Use a bitfield. (I'm really surprised nobody has suggested this.)
struct int20_and_something_else {
int less_than_a_million : 20;
int less_than_four_thousand : 12; // total 32 bits
};
This only works as a mutual optimization of elements in a structure, where you can spackle the gaps with some other data. But it works very well!
If you truly need to optimize a gigantic array of 20-bit numbers and nothing else, there is:
struct int20_x3 {
int one : 20;
int two : 20;
int three : 20; // 60 bits is almost 64
void set( int index, int value );
int get( int index );
};
You can add getter/setter functions to make it prettier if you like, but you can't take the address of a bitfield, and they can't participate in an array. (Of course, you can have an array of the struct.)
Use as:
int20_x3 *big_array = new int20_x3[ array_size / 3 + 1 ];
big_array[ index / 3 ].set( index % 3, value );
You can use C++ std::bitset. Store everything in a bitset and access your data using the correct index (x20).
Your not going to be able to get exactly 20 bits as a type(even with a bit packed struct), as it will always be aligned (at smallest grainularity) to a byte. Imo the only way to go, if you must have 20 bits, is to create a bitstream to handle the data(which you can overload to accept indexing etc)
You can use the union keyword to create a bit field. I've used it way back when bit fields were a necessity.

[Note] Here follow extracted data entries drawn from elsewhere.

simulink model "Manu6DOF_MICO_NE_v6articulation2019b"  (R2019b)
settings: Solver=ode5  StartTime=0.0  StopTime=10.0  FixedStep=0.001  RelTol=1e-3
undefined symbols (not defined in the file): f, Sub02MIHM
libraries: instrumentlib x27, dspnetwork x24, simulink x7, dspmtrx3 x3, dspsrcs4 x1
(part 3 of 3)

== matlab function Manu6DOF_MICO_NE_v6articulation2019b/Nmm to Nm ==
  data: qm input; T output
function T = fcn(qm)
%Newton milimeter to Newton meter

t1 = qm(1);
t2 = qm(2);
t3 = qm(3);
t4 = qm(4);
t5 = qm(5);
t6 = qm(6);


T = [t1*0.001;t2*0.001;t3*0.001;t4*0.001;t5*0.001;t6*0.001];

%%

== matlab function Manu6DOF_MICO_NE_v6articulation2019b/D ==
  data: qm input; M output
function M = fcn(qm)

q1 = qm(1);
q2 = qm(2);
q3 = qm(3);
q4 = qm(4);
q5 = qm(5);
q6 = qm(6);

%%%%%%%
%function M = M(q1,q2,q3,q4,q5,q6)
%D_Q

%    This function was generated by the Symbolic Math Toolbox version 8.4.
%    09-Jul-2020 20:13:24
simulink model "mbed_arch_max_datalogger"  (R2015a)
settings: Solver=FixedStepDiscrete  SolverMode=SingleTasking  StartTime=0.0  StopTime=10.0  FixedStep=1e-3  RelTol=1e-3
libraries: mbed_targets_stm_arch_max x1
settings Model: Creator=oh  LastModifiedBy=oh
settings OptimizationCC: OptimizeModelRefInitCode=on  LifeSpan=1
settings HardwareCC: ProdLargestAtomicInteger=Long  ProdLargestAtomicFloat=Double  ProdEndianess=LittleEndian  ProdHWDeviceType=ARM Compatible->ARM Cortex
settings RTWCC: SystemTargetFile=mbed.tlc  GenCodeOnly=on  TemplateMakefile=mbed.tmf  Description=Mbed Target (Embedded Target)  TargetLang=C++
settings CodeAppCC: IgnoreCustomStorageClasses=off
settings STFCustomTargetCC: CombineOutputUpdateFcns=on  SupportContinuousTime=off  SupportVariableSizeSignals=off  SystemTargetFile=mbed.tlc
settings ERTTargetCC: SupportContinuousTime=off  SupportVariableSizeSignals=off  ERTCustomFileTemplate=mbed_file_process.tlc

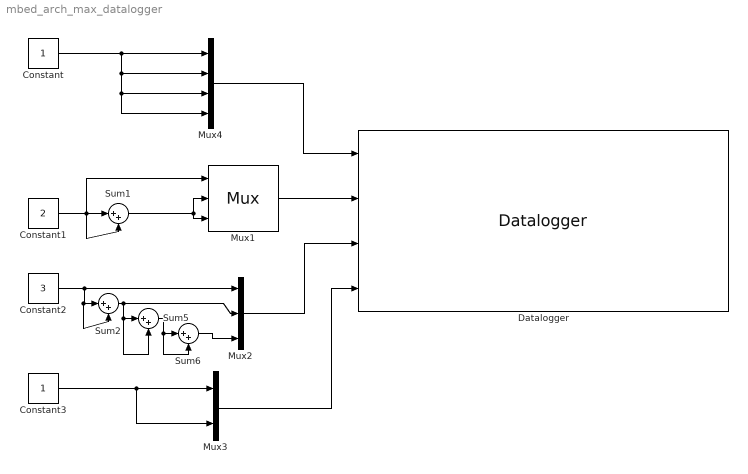
== system mbed_arch_max_datalogger ==
  Constant : Constant  OutDataTypeStr=uint8
  Constant1 : Constant  Value=2  OutDataTypeStr=int16
  Constant2 : Constant  Value=3
  Constant3 : Constant  OutDataTypeStr=boolean
  Datalogger : mbed_targets_stm_arch_max/Datalogger  TypeInputPorts={'uint8' 4 'int16' 3 'double' 3 'bool' 2}  SampleTime=-1  errEn=off  mosi_port=C  mosi_pin=3  miso_port=C  miso_pin=2  sclk_port=B  sclk_pin=10  cs_port=E  cs_pin=2
  Mux1 : Mux  Inputs=3
      settings: DisplayOption=signals
  Mux2 : Mux  Inputs=3
  Mux3 : Mux  Inputs=2
  Mux4 : Mux
  Sum{1..2,5..6} (4 alike) : Sum  Inputs=|++
  wires:
  Sum1/1 -> Mux1/2, Mux1/3
  Sum2/1 -> Mux2/2, Sum5/2, Sum5/1
  Constant1/1 -> Sum1/2, Sum1/1, Mux1/1
  Constant2/1 -> Mux2/1, Sum2/2, Sum2/1
  Sum5/1 -> Sum6/2, Sum6/1
  Constant3/1 -> Mux3/2, Mux3/1
  Sum6/1 -> Mux2/3
  Mux2/1 -> Datalogger/3
  Mux1/1 -> Datalogger/2
  Mux3/1 -> Datalogger/4
  Constant/1 -> Mux4/4, Mux4/3, Mux4/2, Mux4/1
  Mux4/1 -> Datalogger/1

Otherwise, you can create a class that holds 3 bytes, but through bitwise operations exposes just the most significant 20.
As far as I know that isn't possible.
The easiest option would be to define a custom type, that uses an int32_t as the backing storage, and implements appropriate maths as override operators.
For better storage density, you could store 3 int20 in a single int64_t value.
Just an idea: use optimized storage (5 bytes for two instances), and for operations, convert it into 32-bit int and then back.
While its possible to do this a number of ways.
One possibilty would be to use bit twidling to store them as the left and right parts of a 5 byte array with a class to store/retrieve which converts yoiur desired array entry to an array entry in byte5[] array and extracts the left ot right half as appropriate.
However on most hardware requires integers to be word aligned so as well as the bit twiddling to extract the integer you would need some bit shifiting to align it properly.
I think it would be more efficient to increase your swap space and let virtual memory take care of your large array (after all 20 vs 32 is not much of a saving!) always assuming you have a 64 bit OS.